Yeltsin é um atleta notável. Também em Tóquio, ele bateu o recorde mundial com o tempo de 3min57s60. É com essas marcas que faz do brasileiro uma das esperanças de medalhas para as Paralimpíadas de Paris 2024. “Pode esperar muitas conquistas, estou trabalhando muito. E a gente com certeza vai trazer grandes pódios, grandes medalhas e mais uma vez grandes resultados para o Brasil”, promete.

Atletas paralímpicos brasileiros têm sido destaques nas últimas competições. A cada edição, o Brasil avança no quadro de medalhas e está entre as potências mundiais. Os bons desempenhos entre atletas olímpicos e paralímpicos têm, inclusive, chamado a atenção.
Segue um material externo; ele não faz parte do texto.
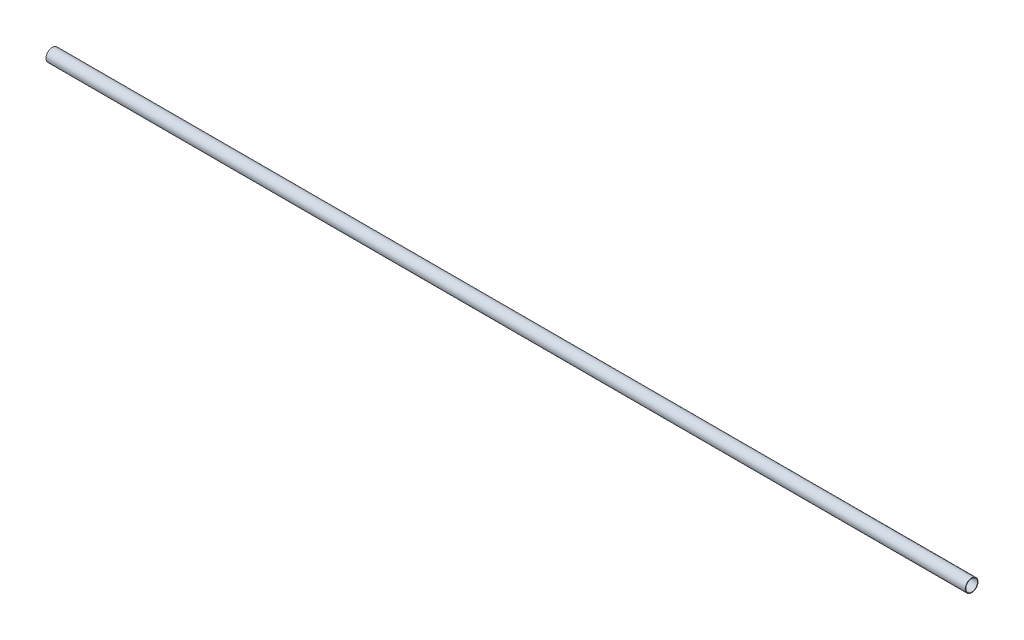
ISO-10303-21;
HEADER;
FILE_DESCRIPTION(('STEP AP214'),'2;1');
FILE_NAME('part.step','',(''),(''),'','','');
FILE_SCHEMA(('AUTOMOTIVE_DESIGN { 1 0 10303 214 1 1 1 1 }'));
ENDSEC;
DATA;
#1=APPLICATION_CONTEXT('core data for automotive mechanical design processes');
#2=APPLICATION_PROTOCOL_DEFINITION('international standard','automotive_design',2000,#1);
#3=PRODUCT_CONTEXT('',#1,'mechanical');
#4=PRODUCT('Part','Part','',(#3));
#5=PRODUCT_RELATED_PRODUCT_CATEGORY('part','',(#4));
#6=PRODUCT_DEFINITION_FORMATION('','',#4);
#7=PRODUCT_DEFINITION_CONTEXT('part definition',#1,'design');
#8=PRODUCT_DEFINITION('design','',#6,#7);
#9=PRODUCT_DEFINITION_SHAPE('','',#8);
#10=(LENGTH_UNIT() NAMED_UNIT(*) SI_UNIT(.MILLI.,.METRE.));
#11=(NAMED_UNIT(*) PLANE_ANGLE_UNIT() SI_UNIT($,.RADIAN.));
#12=(NAMED_UNIT(*) SI_UNIT($,.STERADIAN.) SOLID_ANGLE_UNIT());
#13=UNCERTAINTY_MEASURE_WITH_UNIT(LENGTH_MEASURE(1.E-05),#10,'distance_accuracy_value','');
#14=(GEOMETRIC_REPRESENTATION_CONTEXT(3) GLOBAL_UNCERTAINTY_ASSIGNED_CONTEXT((#13)) GLOBAL_UNIT_ASSIGNED_CONTEXT((#10,
#11,#12)) REPRESENTATION_CONTEXT('',''));
#15=CARTESIAN_POINT('',(0.,0.,0.));
#16=DIRECTION('',(0.,0.,1.));
#17=DIRECTION('',(1.,0.,0.));
#18=AXIS2_PLACEMENT_3D('',#15,#16,#17);
#19=CARTESIAN_POINT('',(457.2,0.,0.));
#20=DIRECTION('',(1.,0.,0.));
#21=DIRECTION('',(0.,0.,-1.));
#22=AXIS2_PLACEMENT_3D('',#19,#20,#21);
#23=PLANE('',#22);
#24=CARTESIAN_POINT('',(457.2,0.,0.));
#25=DIRECTION('',(1.,0.,0.));
#26=DIRECTION('',(0.,0.,-1.));
#27=AXIS2_PLACEMENT_3D('',#24,#25,#26);
#28=CIRCLE('',#27,6.35);
#29=CARTESIAN_POINT('',(457.2,0.,-6.35));
#30=VERTEX_POINT('',#29);
#31=EDGE_CURVE('E10',#30,#30,#28,.T.);
#32=ORIENTED_EDGE('',*,*,#31,.T.);
#33=EDGE_LOOP('',(#32));
#34=FACE_BOUND('',#33,.T.);
#35=CARTESIAN_POINT('',(457.2,0.,0.));
#36=DIRECTION('',(1.,0.,0.));
#37=DIRECTION('',(0.,0.,-1.));
#38=AXIS2_PLACEMENT_3D('',#35,#36,#37);
#39=CIRCLE('',#38,5.842);
#40=CARTESIAN_POINT('',(457.2,0.,-5.842));
#41=VERTEX_POINT('',#40);
#42=EDGE_CURVE('E41',#41,#41,#39,.T.);
#43=ORIENTED_EDGE('',*,*,#42,.F.);
#44=EDGE_LOOP('',(#43));
#45=FACE_BOUND('',#44,.T.);
#46=ADVANCED_FACE('F30',(#34,#45),#23,.T.);
#47=CARTESIAN_POINT('',(-457.2,0.,0.));
#48=DIRECTION('',(1.,0.,0.));
#49=DIRECTION('',(0.,0.,-1.));
#50=AXIS2_PLACEMENT_3D('',#47,#48,#49);
#51=PLANE('',#50);
#52=CARTESIAN_POINT('',(-457.2,0.,0.));
#53=DIRECTION('',(1.,0.,0.));
#54=DIRECTION('',(0.,0.,-1.));
#55=AXIS2_PLACEMENT_3D('',#52,#53,#54);
#56=CIRCLE('',#55,6.35);
#57=CARTESIAN_POINT('',(-457.2,0.,-6.35));
#58=VERTEX_POINT('',#57);
#59=EDGE_CURVE('E34',#58,#58,#56,.T.);
#60=ORIENTED_EDGE('',*,*,#59,.F.);
#61=EDGE_LOOP('',(#60));
#62=FACE_BOUND('',#61,.T.);
#63=CARTESIAN_POINT('',(-457.2,0.,0.));
#64=DIRECTION('',(1.,0.,0.));
#65=DIRECTION('',(0.,0.,-1.));
#66=AXIS2_PLACEMENT_3D('',#63,#64,#65);
#67=CIRCLE('',#66,5.842);
#68=CARTESIAN_POINT('',(-457.2,0.,-5.842));
#69=VERTEX_POINT('',#68);
#70=EDGE_CURVE('E43',#69,#69,#67,.T.);
#71=ORIENTED_EDGE('',*,*,#70,.T.);
#72=EDGE_LOOP('',(#71));
#73=FACE_BOUND('',#72,.T.);
#74=ADVANCED_FACE('F53',(#62,#73),#51,.F.);
#75=CARTESIAN_POINT('',(457.2,0.,0.));
#76=DIRECTION('',(-1.,0.,0.));
#77=DIRECTION('',(0.,0.,1.));
#78=AXIS2_PLACEMENT_3D('',#75,#76,#77);
#79=CYLINDRICAL_SURFACE('',#78,6.35);
#80=ORIENTED_EDGE('',*,*,#31,.F.);
#81=EDGE_LOOP('',(#80));
#82=FACE_BOUND('',#81,.T.);
#83=ORIENTED_EDGE('',*,*,#59,.T.);
#84=EDGE_LOOP('',(#83));
#85=FACE_BOUND('',#84,.T.);
#86=ADVANCED_FACE('F32',(#82,#85),#79,.T.);
#87=CARTESIAN_POINT('',(457.2,0.,0.));
#88=DIRECTION('',(-1.,0.,0.));
#89=DIRECTION('',(0.,0.,1.));
#90=AXIS2_PLACEMENT_3D('',#87,#88,#89);
#91=CYLINDRICAL_SURFACE('',#90,5.842);
#92=ORIENTED_EDGE('',*,*,#42,.T.);
#93=EDGE_LOOP('',(#92));
#94=FACE_BOUND('',#93,.T.);
#95=ORIENTED_EDGE('',*,*,#70,.F.);
#96=EDGE_LOOP('',(#95));
#97=FACE_BOUND('',#96,.T.);
#98=ADVANCED_FACE('F49',(#94,#97),#91,.F.);
#99=CLOSED_SHELL('',(#46,#74,#86,#98));
#100=MANIFOLD_SOLID_BREP('B2',#99);
#101=ADVANCED_BREP_SHAPE_REPRESENTATION('',(#18,#100),#14);
#102=SHAPE_DEFINITION_REPRESENTATION(#9,#101);
ENDSEC;
END-ISO-10303-21;

Corredor Yeltsin Jacques candidato a medalha nas Paralimpíadas Paris 2024
Corredor Yeltsin Jacques candidato a medalha nas Paralimpíadas Paris 2024- Foto: Wander Roberto/CPB

À FACTUAL900, Yeltsin Jacques falou um pouco sobre suas esperanças para o futuro, inspirações e dificuldades. O atleta nasceu com uma visão parcial – uma condição retiniana congênita. O esporte surgiu dentro de casa. “O que começou a me motivar foi a inspiração da minha família. Realmente eu sou aquela pessoa que amo o que faço e o esporte é minha vida”, disse.

O atleta já pensa no futuro e em formar futuros campeões, como ele. Yeltsin sabe que num esporte de alto rendimento, precisa estar em plenas condições físicas. Quando seu tempo chegar, ele quer virar treinador. “Vou formar campeões no Brasil. Hoje a gente está no caminho certo, a gente segue trabalhando e a cada dia mais quero trabalhar pelo esporte e pelo Brasil”, diz. 

Mas, para ele, ainda há muitos obstáculos na prática do seu esporte. “A maior dificuldade  do esporte no Brasil ainda é estrutural, estrutura física, às vezes falta um local adequado, são poucas as pistas não só do atletismo, mas do esporte em geral[…] Infelizmente, até pela própria cultura corrupta, não permite que sejam feitos os projetos de centro de treinamento conforme está no papel, isso tira muito a performance dos atletas e também mata muitos sonhos das nossas crianças”.

Caio Martins é um paratleta que sonha em representar o Brasil. Batemos um papo com ele:

Esperanças nacionais

Outro nome de destaque no esporte paralímpico no País é o da superatleta Carol Santiago. Nascida em Recife, a nadadora é uma das maiores esperanças de medalha em Paris 2024 e conta sobre sua trajetória, marcada por reconhecimentos, mas também dificuldades. “A cada ano que passa o paralímpico é mais reconhecido, porém, ainda há muito a se saber. Após Tóquio, o esporte paralímpico foi mais divulgado e foi mais reconhecido”.

Nadadora Carol Santiago candidata a medalha nas Paralimpíadas 2024
Nadadora Carol Santiago candidata a medalha nas Paralimpíadas 2024- Foto: fornecida pela atleta

A medalhista atribuiu o maior interesse do público às transmissões televisivas e complementou: “Já está maior do que antes, mas ainda pode crescer muito mais”.

Quando questionada sobre investimentos nos esportes, ela declarou: ’’O Brasil hoje não está deixando a desejar em nenhum lugar que eu vá competir, isso foi um legado do Rio 2016”. O Centro de Treinamento Paralímpico Brasileiro, localizado na zona sul de São Paulo, é um dos grandes motivadores para os bons resultados nacionais. Aberto desde maio de 2016, o local acomoda 15 modalidades e possui área residencial para 300 pessoas.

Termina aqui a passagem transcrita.